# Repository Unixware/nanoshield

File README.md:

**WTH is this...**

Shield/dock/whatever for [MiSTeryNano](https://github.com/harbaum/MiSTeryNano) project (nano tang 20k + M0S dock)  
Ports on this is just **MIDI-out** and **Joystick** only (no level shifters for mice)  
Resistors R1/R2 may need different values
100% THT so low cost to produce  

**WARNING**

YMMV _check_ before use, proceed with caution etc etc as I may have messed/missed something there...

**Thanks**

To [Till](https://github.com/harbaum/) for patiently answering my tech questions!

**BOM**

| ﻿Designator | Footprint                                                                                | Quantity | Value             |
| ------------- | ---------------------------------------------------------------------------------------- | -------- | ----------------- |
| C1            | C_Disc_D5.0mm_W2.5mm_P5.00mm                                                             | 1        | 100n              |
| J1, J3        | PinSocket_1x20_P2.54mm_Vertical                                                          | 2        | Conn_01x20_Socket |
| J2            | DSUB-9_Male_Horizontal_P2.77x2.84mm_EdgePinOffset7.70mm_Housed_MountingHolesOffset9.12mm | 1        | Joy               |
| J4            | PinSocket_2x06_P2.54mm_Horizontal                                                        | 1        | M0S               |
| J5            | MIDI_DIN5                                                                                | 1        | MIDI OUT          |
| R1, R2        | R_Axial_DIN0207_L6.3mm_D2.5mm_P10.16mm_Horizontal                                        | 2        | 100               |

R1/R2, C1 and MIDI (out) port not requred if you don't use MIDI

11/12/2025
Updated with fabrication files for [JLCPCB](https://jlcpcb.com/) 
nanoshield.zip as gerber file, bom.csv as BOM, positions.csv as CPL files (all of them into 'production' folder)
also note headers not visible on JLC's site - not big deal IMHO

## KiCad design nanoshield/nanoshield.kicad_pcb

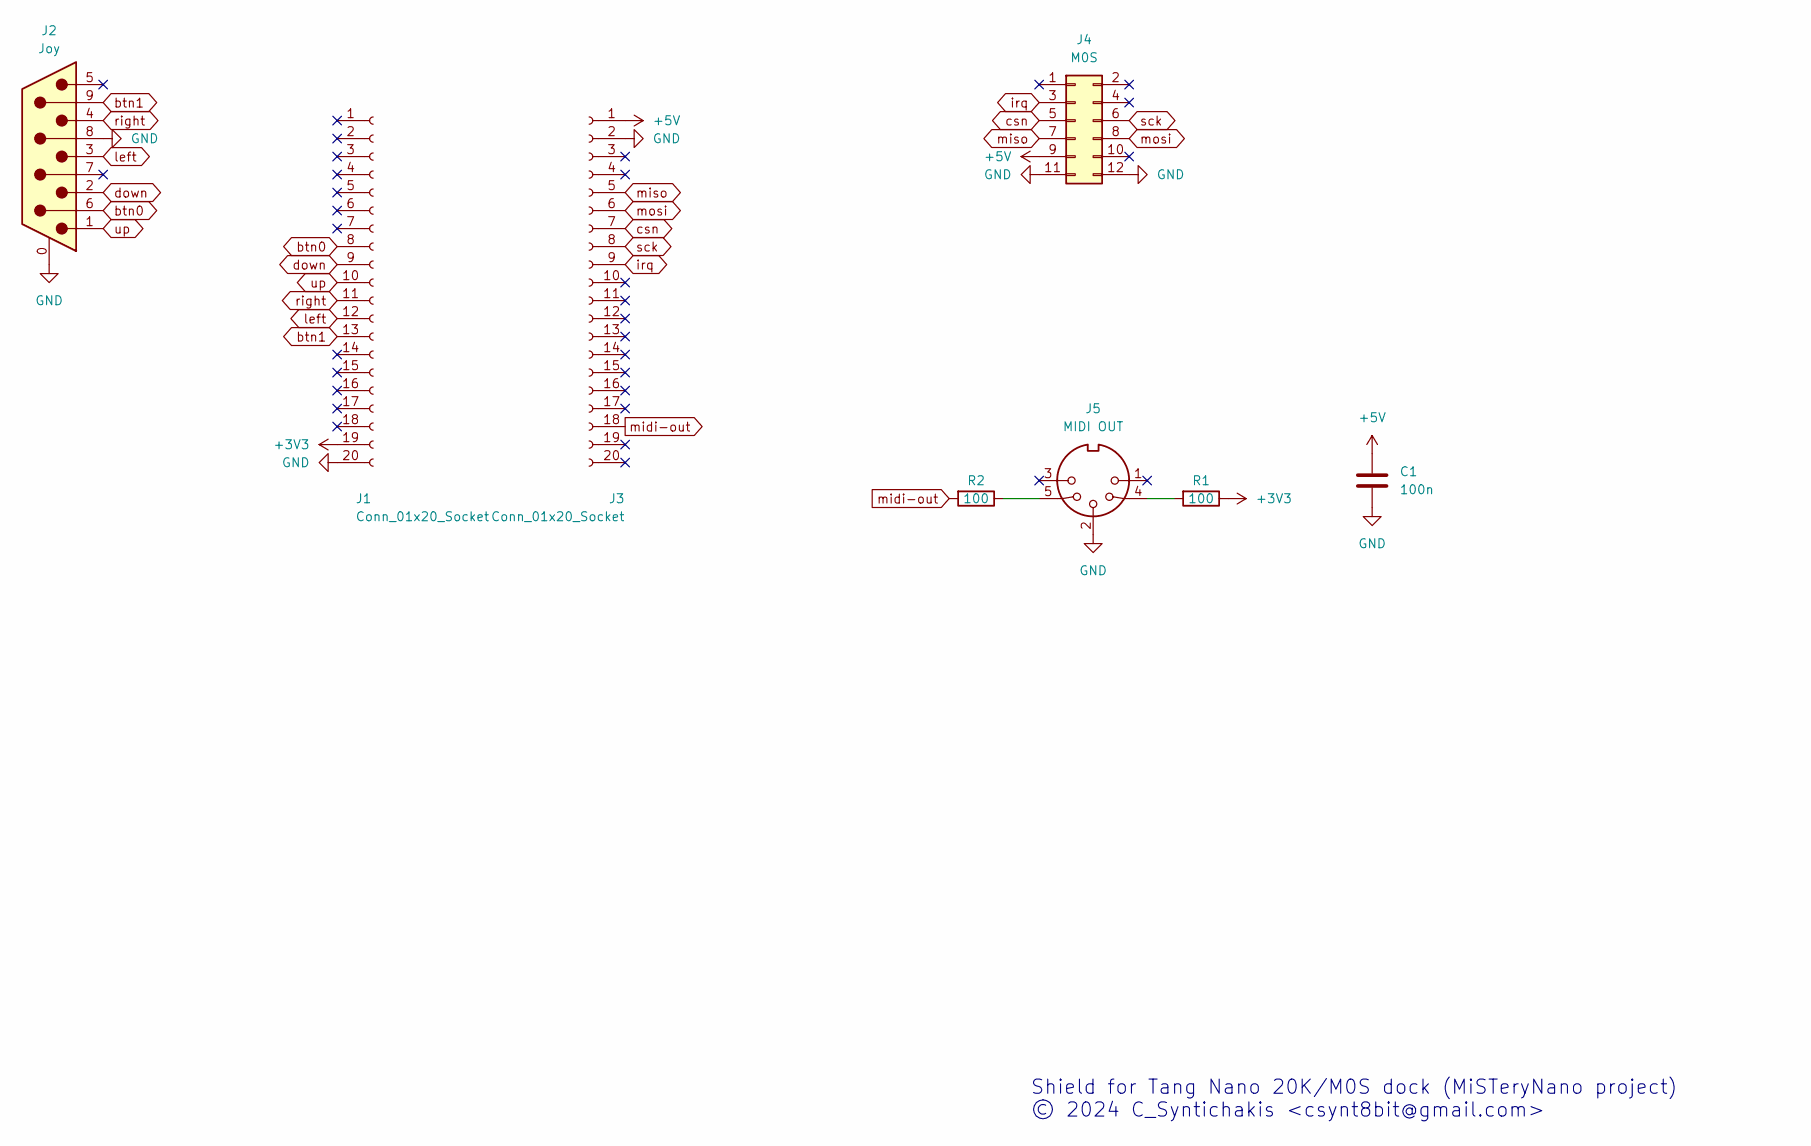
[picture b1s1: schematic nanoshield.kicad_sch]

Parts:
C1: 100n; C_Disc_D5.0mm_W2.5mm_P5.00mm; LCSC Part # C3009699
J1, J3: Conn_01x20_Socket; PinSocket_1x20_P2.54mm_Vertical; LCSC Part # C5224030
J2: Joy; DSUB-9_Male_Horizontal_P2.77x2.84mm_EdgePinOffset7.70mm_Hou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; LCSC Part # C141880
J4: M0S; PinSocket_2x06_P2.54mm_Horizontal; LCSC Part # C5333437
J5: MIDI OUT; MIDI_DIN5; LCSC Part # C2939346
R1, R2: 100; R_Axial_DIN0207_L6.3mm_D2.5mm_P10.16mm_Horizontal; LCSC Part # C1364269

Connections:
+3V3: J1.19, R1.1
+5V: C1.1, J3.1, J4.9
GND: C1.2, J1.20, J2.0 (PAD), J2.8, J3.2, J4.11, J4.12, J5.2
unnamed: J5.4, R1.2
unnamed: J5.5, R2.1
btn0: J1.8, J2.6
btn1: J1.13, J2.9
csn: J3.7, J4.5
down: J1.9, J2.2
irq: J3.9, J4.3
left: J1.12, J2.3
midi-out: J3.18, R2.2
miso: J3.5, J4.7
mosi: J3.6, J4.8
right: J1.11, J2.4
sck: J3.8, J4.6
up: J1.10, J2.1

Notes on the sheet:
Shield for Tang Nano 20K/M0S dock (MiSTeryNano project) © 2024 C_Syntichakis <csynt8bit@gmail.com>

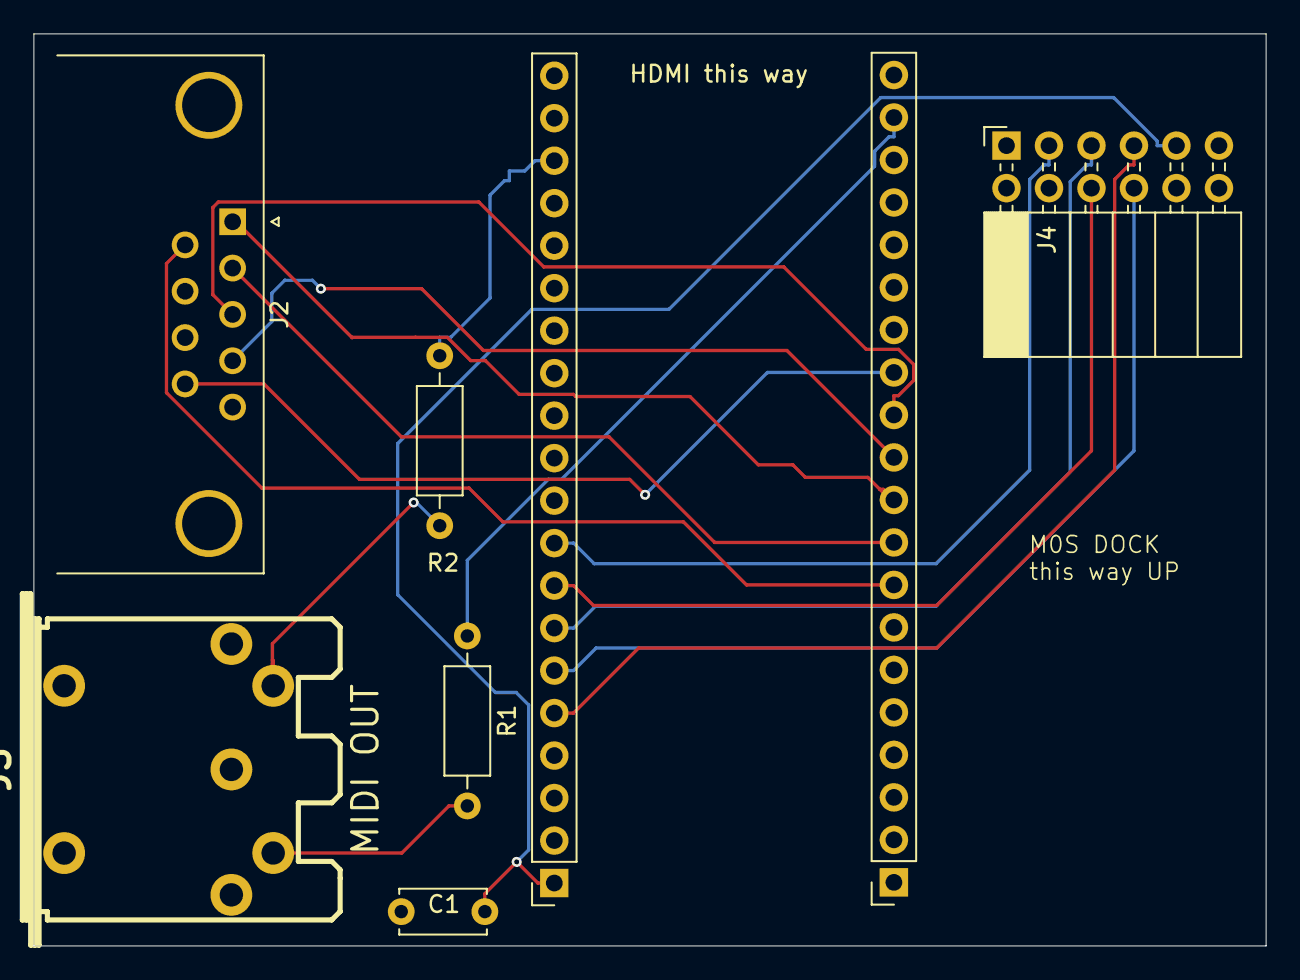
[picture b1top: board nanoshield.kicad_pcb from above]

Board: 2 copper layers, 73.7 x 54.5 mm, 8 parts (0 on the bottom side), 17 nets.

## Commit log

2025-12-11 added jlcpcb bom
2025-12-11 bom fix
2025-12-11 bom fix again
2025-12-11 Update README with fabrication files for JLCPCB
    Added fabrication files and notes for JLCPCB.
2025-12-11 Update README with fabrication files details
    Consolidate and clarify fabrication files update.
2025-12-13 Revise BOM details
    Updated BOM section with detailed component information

:::::

YOUR ASSIGNMENT. Once the pictures are set aside, give the rest of the material again unchanged.

TASK RESPONSE.
# Repository Unixware/nanoshield

File README.md:

**WTH is this...**

Shield/dock/whatever for [MiSTeryNano](https://github.com/harbaum/MiSTeryNano) project (nano tang 20k + M0S dock)  
Ports on this is just **MIDI-out** and **Joystick** only (no level shifters for mice)  
Resistors R1/R2 may need different values
100% THT so low cost to produce  

**WARNING**

YMMV _check_ before use, proceed with caution etc etc as I may have messed/missed something there...

**Thanks**

To [Till](https://github.com/harbaum/) for patiently answering my tech questions!

**BOM**

| ﻿Designator | Footprint                                                                                | Quantity | Value             |
| ------------- | ---------------------------------------------------------------------------------------- | -------- | ----------------- |
| C1            | C_Disc_D5.0mm_W2.5mm_P5.00mm                                                             | 1        | 100n              |
| J1, J3        | PinSocket_1x20_P2.54mm_Vertical                                                          | 2        | Conn_01x20_Socket |
| J2            | DSUB-9_Male_Horizontal_P2.77x2.84mm_EdgePinOffset7.70mm_Housed_MountingHolesOffset9.12mm | 1        | Joy               |
| J4            | PinSocket_2x06_P2.54mm_Horizontal                                                        | 1        | M0S               |
| J5            | MIDI_DIN5                                                                                | 1        | MIDI OUT          |
| R1, R2        | R_Axial_DIN0207_L6.3mm_D2.5mm_P10.16mm_Horizontal                                        | 2        | 100               |

R1/R2, C1 and MIDI (out) port not requred if you don't use MIDI

11/12/2025
Updated with fabrication files for [JLCPCB](https://jlcpcb.com/) 
nanoshield.zip as gerber file, bom.csv as BOM, positions.csv as CPL files (all of them into 'production' folder)
also note headers not visible on JLC's site - not big deal IMHO

## KiCad design nanoshield/nanoshield.kicad_pcb

[picture b1s1: schematic nanoshield.kicad_sch]

Parts:
C1: 100n; C_Disc_D5.0mm_W2.5mm_P5.00mm; LCSC Part # C3009699
J1, J3: Conn_01x20_Socket; PinSocket_1x20_P2.54mm_Vertical; LCSC Part # C5224030
J2: Joy; DSUB-9_Male_Horizontal_P2.77x2.84mm_EdgePinOffset7.70mm_Hou; LCSC Part # C141880
J4: M0S; PinSocket_2x06_P2.54mm_Horizontal; LCSC Part # C5333437
J5: MIDI OUT; MIDI_DIN5; LCSC Part # C2939346
R1, R2: 100; R_Axial_DIN0207_L6.3mm_D2.5mm_P10.16mm_Horizontal; LCSC Part # C1364269

Connections:
+3V3: J1.19, R1.1
+5V: C1.1, J3.1, J4.9
GND: C1.2, J1.20, J2.0 (PAD), J2.8, J3.2, J4.11, J4.12, J5.2
unnamed: J5.4, R1.2
unnamed: J5.5, R2.1
btn0: J1.8, J2.6
btn1: J1.13, J2.9
csn: J3.7, J4.5
down: J1.9, J2.2
irq: J3.9, J4.3
left: J1.12, J2.3
midi-out: J3.18, R2.2
miso: J3.5, J4.7
mosi: J3.6, J4.8
right: J1.11, J2.4
sck: J3.8, J4.6
up: J1.10, J2.1

Notes on the sheet:
Shield for Tang Nano 20K/M0S dock (MiSTeryNano project) © 2024 C_Syntichakis <csynt8bit@gmail.com>

[picture b1top: board nanoshield.kicad_pcb from above]

Board: 2 copper layers, 73.7 x 54.5 mm, 8 parts (0 on the bottom side), 17 nets.

## Commit log

2025-12-11 added jlcpcb bom
2025-12-11 bom fix
2025-12-11 bom fix again
2025-12-11 Update README with fabrication files for JLCPCB
    Added fabrication files and notes for JLCPCB.
2025-12-11 Update README with fabrication files details
    Consolidate and clarify fabrication files update.
2025-12-13 Revise BOM details
    Updated BOM section with detailed component information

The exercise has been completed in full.